# crosscut sled



## sparkus88 (26 Oct 2011)

Hi I planning on making a crosscut sled from plywood for the triton workcentre I just but but most plans say use 19mm but until I get a bigger circular saw my max cutting capacity is about 40mm so 19mm plywood would half cutting capacity. What is the thinnest plywood I can get away with using?

mark


----------



## RogerP (26 Oct 2011)

I had a similar quandary with an earlier saw. I ended up using high quality 8mm birch ply and making the front and rear cross pieces very strong and thick so there was plenty of meat above the blade path. It worked fine for several years


----------



## Karl (26 Oct 2011)

Agree with Roger here. I used 9mm MRMDF on mine - not because I didn't have sufficient blade height, but because that's what I had knocking about. Works perfect - I use it all the time, and it cuts absolutely perfect 90degree cuts. 
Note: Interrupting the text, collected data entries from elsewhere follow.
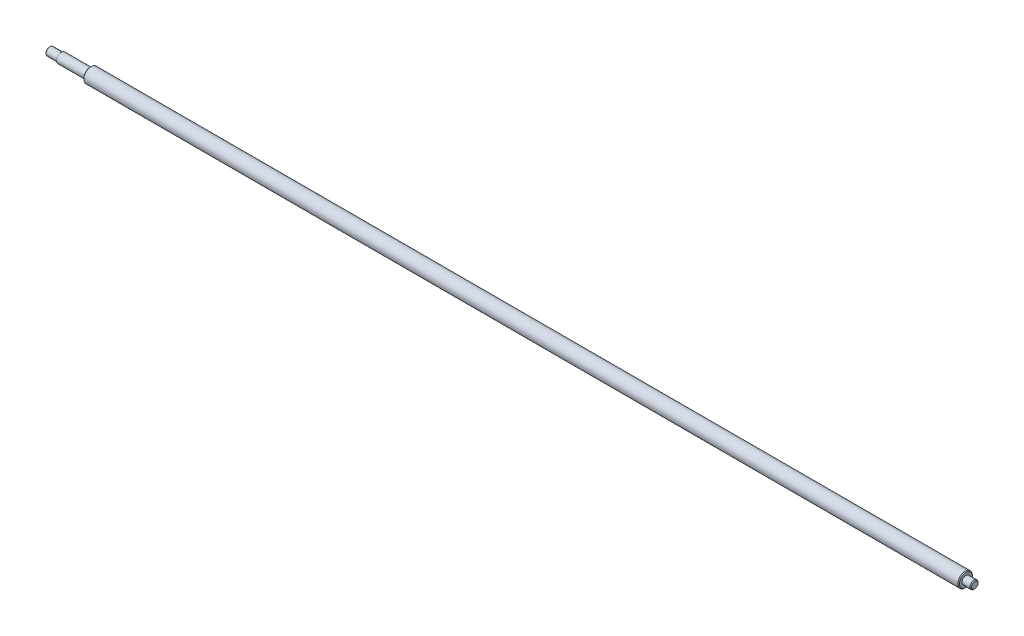
ISO-10303-21;
HEADER;
FILE_DESCRIPTION(('STEP AP214'),'2;1');
FILE_NAME('part.step','',(''),(''),'','','');
FILE_SCHEMA(('AUTOMOTIVE_DESIGN { 1 0 10303 214 1 1 1 1 }'));
ENDSEC;
DATA;
#1=APPLICATION_CONTEXT('core data for automotive mechanical design processes');
#2=APPLICATION_PROTOCOL_DEFINITION('international standard','automotive_design',2000,#1);
#3=PRODUCT_CONTEXT('',#1,'mechanical');
#4=PRODUCT('Part','Part','',(#3));
#5=PRODUCT_RELATED_PRODUCT_CATEGORY('part','',(#4));
#6=PRODUCT_DEFINITION_FORMATION('','',#4);
#7=PRODUCT_DEFINITION_CONTEXT('part definition',#1,'design');
#8=PRODUCT_DEFINITION('design','',#6,#7);
#9=PRODUCT_DEFINITION_SHAPE('','',#8);
#10=(LENGTH_UNIT() NAMED_UNIT(*) SI_UNIT(.MILLI.,.METRE.));
#11=(NAMED_UNIT(*) PLANE_ANGLE_UNIT() SI_UNIT($,.RADIAN.));
#12=(NAMED_UNIT(*) SI_UNIT($,.STERADIAN.) SOLID_ANGLE_UNIT());
#13=UNCERTAINTY_MEASURE_WITH_UNIT(LENGTH_MEASURE(1.E-05),#10,'distance_accuracy_value','');
#14=(GEOMETRIC_REPRESENTATION_CONTEXT(3) GLOBAL_UNCERTAINTY_ASSIGNED_CONTEXT((#13)) GLOBAL_UNIT_ASSIGNED_CONTEXT((#10,
#11,#12)) REPRESENTATION_CONTEXT('',''));
#15=CARTESIAN_POINT('',(0.,0.,0.));
#16=DIRECTION('',(0.,0.,1.));
#17=DIRECTION('',(1.,0.,0.));
#18=AXIS2_PLACEMENT_3D('',#15,#16,#17);
#19=CARTESIAN_POINT('',(-208.466913464529,0.,0.));
#20=DIRECTION('',(1.,0.,0.));
#21=DIRECTION('',(0.,0.,-1.));
#22=AXIS2_PLACEMENT_3D('',#19,#20,#21);
#23=PLANE('',#22);
#24=CARTESIAN_POINT('',(-208.466913464529,0.,0.));
#25=DIRECTION('',(-1.,0.,0.));
#26=DIRECTION('',(0.,0.,1.));
#27=AXIS2_PLACEMENT_3D('',#24,#25,#26);
#28=CIRCLE('',#27,4.);
#29=CARTESIAN_POINT('',(-208.466913464529,0.,4.));
#30=VERTEX_POINT('',#29);
#31=EDGE_CURVE('E10',#30,#30,#28,.T.);
#32=ORIENTED_EDGE('',*,*,#31,.T.);
#33=EDGE_LOOP('',(#32));
#34=FACE_BOUND('',#33,.T.);
#35=ADVANCED_FACE('F30',(#34),#23,.F.);
#36=CARTESIAN_POINT('',(-207.466913464529,0.,0.));
#37=DIRECTION('',(1.,0.,0.));
#38=DIRECTION('',(0.,0.,-1.));
#39=AXIS2_PLACEMENT_3D('',#36,#37,#38);
#40=CONICAL_SURFACE('',#39,5.,0.785398163397448);
#41=ORIENTED_EDGE('',*,*,#31,.F.);
#42=EDGE_LOOP('',(#41));
#43=FACE_BOUND('',#42,.T.);
#44=CARTESIAN_POINT('',(-207.466913464529,0.,0.));
#45=DIRECTION('',(-1.,0.,0.));
#46=DIRECTION('',(0.,0.,1.));
#47=AXIS2_PLACEMENT_3D('',#44,#45,#46);
#48=CIRCLE('',#47,5.);
#49=CARTESIAN_POINT('',(-207.466913464529,0.,5.));
#50=VERTEX_POINT('',#49);
#51=EDGE_CURVE('E36',#50,#50,#48,.T.);
#52=ORIENTED_EDGE('',*,*,#51,.T.);
#53=EDGE_LOOP('',(#52));
#54=FACE_BOUND('',#53,.T.);
#55=ADVANCED_FACE('F86',(#43,#54),#40,.T.);
#56=CARTESIAN_POINT('',(-222.964145739585,0.,0.));
#57=DIRECTION('',(-1.,0.,0.));
#58=DIRECTION('',(0.,0.,1.));
#59=AXIS2_PLACEMENT_3D('',#56,#57,#58);
#60=CYLINDRICAL_SURFACE('',#59,5.);
#61=ORIENTED_EDGE('',*,*,#51,.F.);
#62=EDGE_LOOP('',(#61));
#63=FACE_BOUND('',#62,.T.);
#64=CARTESIAN_POINT('',(-193.466913464529,0.,0.));
#65=DIRECTION('',(-1.,0.,0.));
#66=DIRECTION('',(0.,0.,1.));
#67=AXIS2_PLACEMENT_3D('',#64,#65,#66);
#68=CIRCLE('',#67,5.);
#69=CARTESIAN_POINT('',(-193.466913464529,0.,5.));
#70=VERTEX_POINT('',#69);
#71=EDGE_CURVE('E40',#70,#70,#68,.T.);
#72=ORIENTED_EDGE('',*,*,#71,.T.);
#73=EDGE_LOOP('',(#72));
#74=FACE_BOUND('',#73,.T.);
#75=ADVANCED_FACE('F90',(#63,#74),#60,.T.);
#76=CARTESIAN_POINT('',(-193.466913464529,0.,-5.));
#77=DIRECTION('',(1.,0.,0.));
#78=DIRECTION('',(0.,0.,-1.));
#79=AXIS2_PLACEMENT_3D('',#76,#77,#78);
#80=PLANE('',#79);
#81=ORIENTED_EDGE('',*,*,#71,.F.);
#82=EDGE_LOOP('',(#81));
#83=FACE_BOUND('',#82,.T.);
#84=CARTESIAN_POINT('',(-193.466913464529,0.,0.));
#85=DIRECTION('',(-1.,0.,0.));
#86=DIRECTION('',(0.,0.,1.));
#87=AXIS2_PLACEMENT_3D('',#84,#85,#86);
#88=CIRCLE('',#87,6.);
#89=CARTESIAN_POINT('',(-193.466913464529,0.,6.));
#90=VERTEX_POINT('',#89);
#91=EDGE_CURVE('E44',#90,#90,#88,.T.);
#92=ORIENTED_EDGE('',*,*,#91,.T.);
#93=EDGE_LOOP('',(#92));
#94=FACE_BOUND('',#93,.T.);
#95=ADVANCED_FACE('F95',(#83,#94),#80,.F.);
#96=CARTESIAN_POINT('',(-222.964145739585,0.,0.));
#97=DIRECTION('',(-1.,0.,0.));
#98=DIRECTION('',(0.,0.,1.));
#99=AXIS2_PLACEMENT_3D('',#96,#97,#98);
#100=CYLINDRICAL_SURFACE('',#99,6.);
#101=ORIENTED_EDGE('',*,*,#91,.F.);
#102=EDGE_LOOP('',(#101));
#103=FACE_BOUND('',#102,.T.);
#104=CARTESIAN_POINT('',(-157.466913464529,0.,0.));
#105=DIRECTION('',(-1.,0.,0.));
#106=DIRECTION('',(0.,0.,1.));
#107=AXIS2_PLACEMENT_3D('',#104,#105,#106);
#108=CIRCLE('',#107,6.);
#109=CARTESIAN_POINT('',(-157.466913464529,0.,6.));
#110=VERTEX_POINT('',#109);
#111=EDGE_CURVE('E49',#110,#110,#108,.T.);
#112=ORIENTED_EDGE('',*,*,#111,.T.);
#113=EDGE_LOOP('',(#112));
#114=FACE_BOUND('',#113,.T.);
#115=ADVANCED_FACE('F101',(#103,#114),#100,.T.);
#116=CARTESIAN_POINT('',(-157.466913464529,0.,-6.));
#117=DIRECTION('',(1.,0.,0.));
#118=DIRECTION('',(0.,0.,-1.));
#119=AXIS2_PLACEMENT_3D('',#116,#117,#118);
#120=PLANE('',#119);
#121=ORIENTED_EDGE('',*,*,#111,.F.);
#122=EDGE_LOOP('',(#121));
#123=FACE_BOUND('',#122,.T.);
#124=CARTESIAN_POINT('',(-157.466913464529,0.,0.));
#125=DIRECTION('',(-1.,0.,0.));
#126=DIRECTION('',(0.,0.,1.));
#127=AXIS2_PLACEMENT_3D('',#124,#125,#126);
#128=CIRCLE('',#127,8.);
#129=CARTESIAN_POINT('',(-157.466913464529,0.,8.));
#130=VERTEX_POINT('',#129);
#131=EDGE_CURVE('E52',#130,#130,#128,.T.);
#132=ORIENTED_EDGE('',*,*,#131,.T.);
#133=EDGE_LOOP('',(#132));
#134=FACE_BOUND('',#133,.T.);
#135=ADVANCED_FACE('F105',(#123,#134),#120,.F.);
#136=CARTESIAN_POINT('',(-156.466913464529,0.,0.));
#137=DIRECTION('',(1.,0.,0.));
#138=DIRECTION('',(0.,0.,-1.));
#139=AXIS2_PLACEMENT_3D('',#136,#137,#138);
#140=CONICAL_SURFACE('',#139,9.,0.785398163397447);
#141=ORIENTED_EDGE('',*,*,#131,.F.);
#142=EDGE_LOOP('',(#141));
#143=FACE_BOUND('',#142,.T.);
#144=CARTESIAN_POINT('',(-156.466913464529,0.,0.));
#145=DIRECTION('',(-1.,0.,0.));
#146=DIRECTION('',(0.,0.,1.));
#147=AXIS2_PLACEMENT_3D('',#144,#145,#146);
#148=CIRCLE('',#147,9.);
#149=CARTESIAN_POINT('',(-156.466913464529,0.,9.));
#150=VERTEX_POINT('',#149);
#151=EDGE_CURVE('E55',#150,#150,#148,.T.);
#152=ORIENTED_EDGE('',*,*,#151,.T.);
#153=EDGE_LOOP('',(#152));
#154=FACE_BOUND('',#153,.T.);
#155=ADVANCED_FACE('F109',(#143,#154),#140,.T.);
#156=CARTESIAN_POINT('',(-222.964145739585,0.,0.));
#157=DIRECTION('',(-1.,0.,0.));
#158=DIRECTION('',(0.,0.,1.));
#159=AXIS2_PLACEMENT_3D('',#156,#157,#158);
#160=CYLINDRICAL_SURFACE('',#159,9.);
#161=ORIENTED_EDGE('',*,*,#151,.F.);
#162=EDGE_LOOP('',(#161));
#163=FACE_BOUND('',#162,.T.);
#164=CARTESIAN_POINT('',(929.533086535471,0.,0.));
#165=DIRECTION('',(-1.,0.,0.));
#166=DIRECTION('',(0.,0.,1.));
#167=AXIS2_PLACEMENT_3D('',#164,#165,#166);
#168=CIRCLE('',#167,9.);
#169=CARTESIAN_POINT('',(929.533086535471,0.,9.));
#170=VERTEX_POINT('',#169);
#171=EDGE_CURVE('E58',#170,#170,#168,.T.);
#172=ORIENTED_EDGE('',*,*,#171,.T.);
#173=EDGE_LOOP('',(#172));
#174=FACE_BOUND('',#173,.T.);
#175=ADVANCED_FACE('F113',(#163,#174),#160,.T.);
#176=CARTESIAN_POINT('',(930.533086535471,0.,0.));
#177=DIRECTION('',(-1.,0.,0.));
#178=DIRECTION('',(0.,0.,1.));
#179=AXIS2_PLACEMENT_3D('',#176,#177,#178);
#180=CONICAL_SURFACE('',#179,8.,0.785398163397392);
#181=ORIENTED_EDGE('',*,*,#171,.F.);
#182=EDGE_LOOP('',(#181));
#183=FACE_BOUND('',#182,.T.);
#184=CARTESIAN_POINT('',(930.533086535471,0.,0.));
#185=DIRECTION('',(-1.,0.,0.));
#186=DIRECTION('',(0.,0.,1.));
#187=AXIS2_PLACEMENT_3D('',#184,#185,#186);
#188=CIRCLE('',#187,8.);
#189=CARTESIAN_POINT('',(930.533086535471,0.,8.));
#190=VERTEX_POINT('',#189);
#191=EDGE_CURVE('E61',#190,#190,#188,.T.);
#192=ORIENTED_EDGE('',*,*,#191,.T.);
#193=EDGE_LOOP('',(#192));
#194=FACE_BOUND('',#193,.T.);
#195=ADVANCED_FACE('F117',(#183,#194),#180,.T.);
#196=CARTESIAN_POINT('',(930.533086535471,0.,-8.));
#197=DIRECTION('',(-1.,0.,0.));
#198=DIRECTION('',(0.,0.,1.));
#199=AXIS2_PLACEMENT_3D('',#196,#197,#198);
#200=PLANE('',#199);
#201=ORIENTED_EDGE('',*,*,#191,.F.);
#202=EDGE_LOOP('',(#201));
#203=FACE_BOUND('',#202,.T.);
#204=CARTESIAN_POINT('',(930.533086535471,0.,0.));
#205=DIRECTION('',(-1.,0.,0.));
#206=DIRECTION('',(0.,0.,1.));
#207=AXIS2_PLACEMENT_3D('',#204,#205,#206);
#208=CIRCLE('',#207,5.);
#209=CARTESIAN_POINT('',(930.533086535471,0.,5.));
#210=VERTEX_POINT('',#209);
#211=EDGE_CURVE('E64',#210,#210,#208,.T.);
#212=ORIENTED_EDGE('',*,*,#211,.T.);
#213=EDGE_LOOP('',(#212));
#214=FACE_BOUND('',#213,.T.);
#215=ADVANCED_FACE('F121',(#203,#214),#200,.F.);
#216=CARTESIAN_POINT('',(-222.964145739585,0.,0.));
#217=DIRECTION('',(-1.,0.,0.));
#218=DIRECTION('',(0.,0.,1.));
#219=AXIS2_PLACEMENT_3D('',#216,#217,#218);
#220=CYLINDRICAL_SURFACE('',#219,5.);
#221=ORIENTED_EDGE('',*,*,#211,.F.);
#222=EDGE_LOOP('',(#221));
#223=FACE_BOUND('',#222,.T.);
#224=CARTESIAN_POINT('',(940.533086535471,0.,0.));
#225=DIRECTION('',(-1.,0.,0.));
#226=DIRECTION('',(0.,0.,1.));
#227=AXIS2_PLACEMENT_3D('',#224,#225,#226);
#228=CIRCLE('',#227,5.);
#229=CARTESIAN_POINT('',(940.533086535471,0.,5.));
#230=VERTEX_POINT('',#229);
#231=EDGE_CURVE('E67',#230,#230,#228,.T.);
#232=ORIENTED_EDGE('',*,*,#231,.T.);
#233=EDGE_LOOP('',(#232));
#234=FACE_BOUND('',#233,.T.);
#235=ADVANCED_FACE('F82',(#223,#234),#220,.T.);
#236=CARTESIAN_POINT('',(941.533086535471,0.,0.));
#237=DIRECTION('',(-1.,0.,0.));
#238=DIRECTION('',(0.,0.,1.));
#239=AXIS2_PLACEMENT_3D('',#236,#237,#238);
#240=CONICAL_SURFACE('',#239,4.,0.785398163397503);
#241=ORIENTED_EDGE('',*,*,#231,.F.);
#242=EDGE_LOOP('',(#241));
#243=FACE_BOUND('',#242,.T.);
#244=CARTESIAN_POINT('',(941.533086535471,0.,0.));
#245=DIRECTION('',(-1.,0.,0.));
#246=DIRECTION('',(0.,0.,1.));
#247=AXIS2_PLACEMENT_3D('',#244,#245,#246);
#248=CIRCLE('',#247,4.);
#249=CARTESIAN_POINT('',(941.533086535471,0.,4.));
#250=VERTEX_POINT('',#249);
#251=EDGE_CURVE('E70',#250,#250,#248,.T.);
#252=ORIENTED_EDGE('',*,*,#251,.T.);
#253=EDGE_LOOP('',(#252));
#254=FACE_BOUND('',#253,.T.);
#255=ADVANCED_FACE('F74',(#243,#254),#240,.T.);
#256=CARTESIAN_POINT('',(941.533086535471,0.,-4.));
#257=DIRECTION('',(-1.,0.,0.));
#258=DIRECTION('',(0.,0.,1.));
#259=AXIS2_PLACEMENT_3D('',#256,#257,#258);
#260=PLANE('',#259);
#261=ORIENTED_EDGE('',*,*,#251,.F.);
#262=EDGE_LOOP('',(#261));
#263=FACE_BOUND('',#262,.T.);
#264=ADVANCED_FACE('F76',(#263),#260,.F.);
#265=CLOSED_SHELL('',(#35,#55,#75,#95,#115,#135,#155,#175,#195,#215,#235,#255,#264));
#266=MANIFOLD_SOLID_BREP('B2',#265);
#267=ADVANCED_BREP_SHAPE_REPRESENTATION('',(#18,#266),#14);
#268=SHAPE_DEFINITION_REPRESENTATION(#9,#267);
ENDSEC;
END-ISO-10303-21;

One day I will get round to replacing it, but only to incorporate a length stop for repeat crosscutting.

Cheers

Karl


----------



## sparkus88 (26 Oct 2011)

thats good to known I feared 12mm might be the limited.


----------



## Karl (26 Oct 2011)

Here's my meagre effort


----------



## knappers (26 Oct 2011)

The thing with the Triton workstation is of course there are no slots in the table, so you have to make runners that overhang the edges of the table. The trick is to get the fit (or packers) tight enough for there to be no play, but loose enough to run freely.

Si.


----------



## sparkus88 (26 Oct 2011)

it does has slots but they don't go all the way from one side to the other. I was thinking of using short runners, but now you said that, it would definitely give a greater capacity.


----------



## knappers (27 Oct 2011)

How's this?

http://sites.google.com/site/bobjager/woodwork

Si


----------



## sparkus88 (27 Oct 2011)

That looks ideal with a few tweeks. 

Thanks


----------



## Digit (29 Oct 2011)

I used 10mm Paxolin. Low coefficient of friction, stable and doesn't wear.

Roy.


----------



## sparkus88 (29 Oct 2011)

is there something i can make to go with this sled for mitre cuts or should i build a seperate sled?


----------



## fluffflinger (29 Oct 2011)

Mark 

Take a look at this link and pinch a few ideas, this will do mitres and any amoint of angled cuts, think he has a tenoning attachment too. Friend of mine has something very similar and he loves it.

http://www.eaglelakewoodworking.com/post/Super-Sled-Crosscut-and-Miter-Sled.aspx

Regards

Richard


----------



## Digit (29 Oct 2011)

Either will work, but with separates there's no delay in setting up of course.

Roy.


----------



## sparkus88 (29 Oct 2011)

That looks good but I would need a thicker sled so will have wait until I get a bigger saw to make that. Can anyone point me to a dedicated mitre sled


----------



## andersonec (31 Oct 2011)

sparkus88":33wvpna0 said:


> Can anyone point me to a dedicated mitre sled




Go here http://theapprenticeandthejourneyman.com/ and under 'Let's build' you will find your mitre sled, also a good little site for other interesting tips.

Andy


----------



## sparkus88 (1 Nov 2011)

thanks andersonec. I have built a standard sled, it is fantastic. Makes everything so simple. Took an age to get the front square. Also I couldn't get the rails complete tight against the sides of thetable with zero play, so ended up sticking a few strips of tape on the inside edge of one rail. Perfect. Thanks for the help.


----------



## Tony Spear (4 Dec 2011)

sparkus88":1wsyj8gw said:


> I planning on making a crosscut sled for the triton workcentre mark



Mark, why do you need a sled for the Triton? It only take me a couple of minutes to change mine from rip to crosscut mode. I'll admit that you can't see everthing that's going on underneath, but if you slide the saw back so you can see to line up your cuts, it's no great problem and you can make deeper cuts than you can with a sled on the table top.

However, I would say that to get the maximum accuracy that the Triton can deliver you need the Triton height winder, so that the saw itself is always totally locked at maximum depth; AND the best saw you can afford. I've got a big Makita (235mm.) totally dedicated to mine. 

For mitres, I find that the Triton guide is pretty good, as you can lock the end of it against the crosscut fence. It's not quite as good used on top of the table unless you're very careful to set it up to allow for the slop in the slot.

My biggest complaint against the Triton is that it's got a full length rip fence, so that sometimes I need to fit a short auxiliary fence.


----------



## devonwoody (5 Dec 2011)

When I had my Triton I used the steel runner which operated the sliding table accessory, purchased some extra sliders, or I recall you can also drop the top table and run your saw over the top of timber using those outside bars to facilitate the sliding saw assembly. Have you not got the Triton manual.


----------



## devonwoody (5 Dec 2011)

came across this picture of my Triton setup 2004


----------